Extracted entries

:::

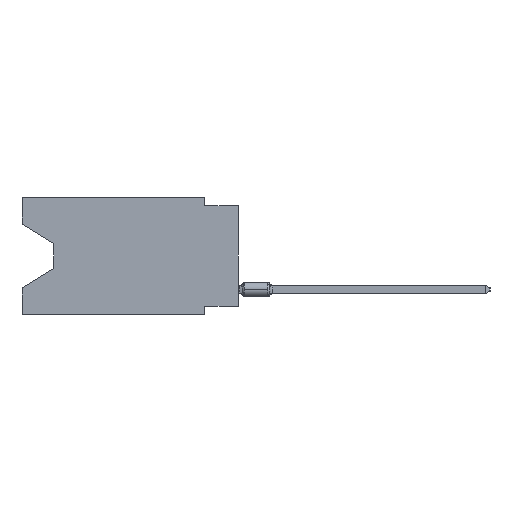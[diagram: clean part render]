
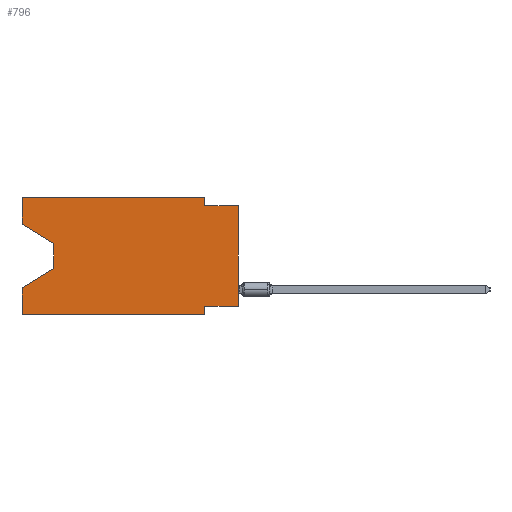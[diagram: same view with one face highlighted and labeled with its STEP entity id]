
A CAD part, left-side view. The second image highlights one B-rep face of the part: STEP entity #796.
In plain terms, the highlighted planar face has unit normal (-1, 0, 0).
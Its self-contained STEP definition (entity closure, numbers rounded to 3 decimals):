
#523 = CARTESIAN_POINT ( 'NONE',  ( 0., 16.383, -6.852 ) ) ;
#710 = EDGE_CURVE ( 'NONE', #39935, #5436, #38809, .T. ) ;
#796 = ADVANCED_FACE ( 'NONE', ( #43432 ), #25468, .F. ) ;
#1727 = VECTOR ( 'NONE', #50368, 1000. ) ;
#2018 = ORIENTED_EDGE ( 'NONE', *, *, #30802, .F. ) ;
#3173 = EDGE_CURVE ( 'NONE', #5436, #30191, #20700, .T. ) ;
#3276 = CARTESIAN_POINT ( 'NONE',  ( 0., 2.54, -8.255 ) ) ;
#3702 = EDGE_CURVE ( 'NONE', #4242, #51190, #38212, .T. ) ;
#3949 = ORIENTED_EDGE ( 'NONE', *, *, #38089, .T. ) ;
#4159 = VECTOR ( 'NONE', #54755, 1000. ) ;
#4242 = VERTEX_POINT ( 'NONE', #9949 ) ;
#4640 = LINE ( 'NONE', #28349, #1727 ) ;
#4794 = EDGE_CURVE ( 'NONE', #57177, #30191, #40878, .T. ) ;
#5436 = VERTEX_POINT ( 'NONE', #55523 ) ;
#6538 = CARTESIAN_POINT ( 'NONE',  ( 0., 16.383, -2.038 ) ) ;
#7218 = VECTOR ( 'NONE', #10630, 1000. ) ;
#7515 = DIRECTION ( 'NONE',  ( 0., 0., 1. ) ) ;
#7772 = ORIENTED_EDGE ( 'NONE', *, *, #710, .T. ) ;
#8035 = ORIENTED_EDGE ( 'NONE', *, *, #9086, .T. ) ;
#8105 = DIRECTION ( 'NONE',  ( 0., 0., -1. ) ) ;
#8416 = CARTESIAN_POINT ( 'NONE',  ( 0., 2.54, -8.89 ) ) ;
#8434 = VECTOR ( 'NONE', #41183, 1000. ) ;
#9086 = EDGE_CURVE ( 'NONE', #57177, #9380, #56086, .T. ) ;
#9165 = CARTESIAN_POINT ( 'NONE',  ( 0., 0., -0.635 ) ) ;
#9205 = DIRECTION ( 'NONE',  ( 0., 0., -1. ) ) ;
#9380 = VERTEX_POINT ( 'NONE', #8416 ) ;
#9949 = CARTESIAN_POINT ( 'NONE',  ( 0., 0., -8.255 ) ) ;
#10584 = LINE ( 'NONE', #6538, #46581 ) ;
#10630 = DIRECTION ( 'NONE',  ( 0., 1., 0. ) ) ;
#11360 = VERTEX_POINT ( 'NONE', #53800 ) ;
#11573 = ORIENTED_EDGE ( 'NONE', *, *, #32333, .F. ) ;
#12124 = CARTESIAN_POINT ( 'NONE',  ( 0., 0., 0. ) ) ;
#14646 = LINE ( 'NONE', #49704, #21612 ) ;
#16755 = ORIENTED_EDGE ( 'NONE', *, *, #49090, .F. ) ;
#16968 = DIRECTION ( 'NONE',  ( 0., -1., 0. ) ) ;
#19297 = DIRECTION ( 'NONE',  ( 0., -0.855, -0.519 ) ) ;
#19337 = LINE ( 'NONE', #32929, #7218 ) ;
#19732 = VECTOR ( 'NONE', #7515, 1000. ) ;
#20415 = ORIENTED_EDGE ( 'NONE', *, *, #22137, .F. ) ;
#20700 = LINE ( 'NONE', #24768, #21550 ) ;
#21003 = EDGE_LOOP ( 'NONE', ( #3949, #7772, #27343, #24540, #8035, #11573, #16755, #27794, #20415, #46351, #2018, #21557 ) ) ;
#21172 = CARTESIAN_POINT ( 'NONE',  ( 0., 2.54, -8.89 ) ) ;
#21410 = DIRECTION ( 'NONE',  ( 1., 0., 0. ) ) ;
#21550 = VECTOR ( 'NONE', #47354, 1000. ) ;
#21557 = ORIENTED_EDGE ( 'NONE', *, *, #49747, .F. ) ;
#21612 = VECTOR ( 'NONE', #28261, 1000. ) ;
#22137 = EDGE_CURVE ( 'NONE', #49878, #51190, #52027, .T. ) ;
#22604 = CARTESIAN_POINT ( 'NONE',  ( 0., 16.383, -2.038 ) ) ;
#23787 = VECTOR ( 'NONE', #42759, 1000. ) ;
#24540 = ORIENTED_EDGE ( 'NONE', *, *, #4794, .F. ) ;
#24768 = CARTESIAN_POINT ( 'NONE',  ( 0., 13.97, -5.385 ) ) ;
#25468 = PLANE ( 'NONE',  #52775 ) ;
#27343 = ORIENTED_EDGE ( 'NONE', *, *, #3173, .T. ) ;
#27794 = ORIENTED_EDGE ( 'NONE', *, *, #3702, .T. ) ;
#28261 = DIRECTION ( 'NONE',  ( 0., 0., -1. ) ) ;
#28349 = CARTESIAN_POINT ( 'NONE',  ( 0., 16.383, 0. ) ) ;
#30191 = VERTEX_POINT ( 'NONE', #523 ) ;
#30802 = EDGE_CURVE ( 'NONE', #45436, #11360, #4640, .T. ) ;
#31531 = VECTOR ( 'NONE', #8105, 1000. ) ;
#31874 = CARTESIAN_POINT ( 'NONE',  ( 0., 0., -0.635 ) ) ;
#32181 = CARTESIAN_POINT ( 'NONE',  ( 0., 16.383, 0. ) ) ;
#32333 = EDGE_CURVE ( 'NONE', #32609, #9380, #53221, .T. ) ;
#32609 = VERTEX_POINT ( 'NONE', #3276 ) ;
#32929 = CARTESIAN_POINT ( 'NONE',  ( 0., 0., -8.255 ) ) ;
#33799 = CARTESIAN_POINT ( 'NONE',  ( 0., 13.97, -3.505 ) ) ;
#36848 = CARTESIAN_POINT ( 'NONE',  ( 0., 16.383, 0. ) ) ;
#38089 = EDGE_CURVE ( 'NONE', #56436, #39935, #10584, .T. ) ;
#38090 = EDGE_CURVE ( 'NONE', #11360, #49878, #14646, .T. ) ;
#38212 = LINE ( 'NONE', #12124, #19732 ) ;
#38809 = LINE ( 'NONE', #56741, #31531 ) ;
#38835 = CARTESIAN_POINT ( 'NONE',  ( 0., 2.54, -0.635 ) ) ;
#38947 = VECTOR ( 'NONE', #16968, 1000. ) ;
#39935 = VERTEX_POINT ( 'NONE', #33799 ) ;
#40878 = LINE ( 'NONE', #32181, #4159 ) ;
#41183 = DIRECTION ( 'NONE',  ( 0., 0., 1. ) ) ;
#41533 = VECTOR ( 'NONE', #9205, 1000. ) ;
#42068 = CARTESIAN_POINT ( 'NONE',  ( 0., 16.383, 0. ) ) ;
#42759 = DIRECTION ( 'NONE',  ( 0., -1., 0. ) ) ;
#43432 = FACE_OUTER_BOUND ( 'NONE', #21003, .T. ) ;
#45436 = VERTEX_POINT ( 'NONE', #42068 ) ;
#46351 = ORIENTED_EDGE ( 'NONE', *, *, #38090, .F. ) ;
#46581 = VECTOR ( 'NONE', #19297, 1000. ) ;
#47354 = DIRECTION ( 'NONE',  ( 0., 0.855, -0.519 ) ) ;
#49090 = EDGE_CURVE ( 'NONE', #4242, #32609, #19337, .T. ) ;
#49704 = CARTESIAN_POINT ( 'NONE',  ( 0., 2.54, 0. ) ) ;
#49747 = EDGE_CURVE ( 'NONE', #56436, #45436, #50161, .T. ) ;
#49878 = VERTEX_POINT ( 'NONE', #38835 ) ;
#50161 = LINE ( 'NONE', #36848, #8434 ) ;
#50368 = DIRECTION ( 'NONE',  ( 0., -1., 0. ) ) ;
#50887 = CARTESIAN_POINT ( 'NONE',  ( 0., 16.383, -8.89 ) ) ;
#51190 = VERTEX_POINT ( 'NONE', #31874 ) ;
#52027 = LINE ( 'NONE', #9165, #38947 ) ;
#52107 = DIRECTION ( 'NONE',  ( 0., 0., -1. ) ) ;
#52775 = AXIS2_PLACEMENT_3D ( 'NONE', #56462, #21410, #52107 ) ;
#53221 = LINE ( 'NONE', #21172, #41533 ) ;
#53800 = CARTESIAN_POINT ( 'NONE',  ( 0., 2.54, 0. ) ) ;
#54755 = DIRECTION ( 'NONE',  ( 0., 0., 1. ) ) ;
#55523 = CARTESIAN_POINT ( 'NONE',  ( 0., 13.97, -5.385 ) ) ;
#56086 = LINE ( 'NONE', #50887, #23787 ) ;
#56436 = VERTEX_POINT ( 'NONE', #22604 ) ;
#56462 = CARTESIAN_POINT ( 'NONE',  ( 0., 16.383, 0. ) ) ;
#56741 = CARTESIAN_POINT ( 'NONE',  ( 0., 13.97, -3.505 ) ) ;
#57173 = CARTESIAN_POINT ( 'NONE',  ( 0., 16.383, -8.89 ) ) ;
#57177 = VERTEX_POINT ( 'NONE', #57173 ) ;

:::

Your objective
Retype the records above, but only those lines that fall between the line containing "#6538 = CARTESIAN_POINT" and the line containing "#8035 = ORIENTED_EDGE", with both of those lines included, exactly as written.

Answer area
#6538 = CARTESIAN_POINT ( 'NONE',  ( 0., 16.383, -2.038 ) ) ;
#7218 = VECTOR ( 'NONE', #10630, 1000. ) ;
#7515 = DIRECTION ( 'NONE',  ( 0., 0., 1. ) ) ;
#7772 = ORIENTED_EDGE ( 'NONE', *, *, #710, .T. ) ;
#8035 = ORIENTED_EDGE ( 'NONE', *, *, #9086, .T. ) ;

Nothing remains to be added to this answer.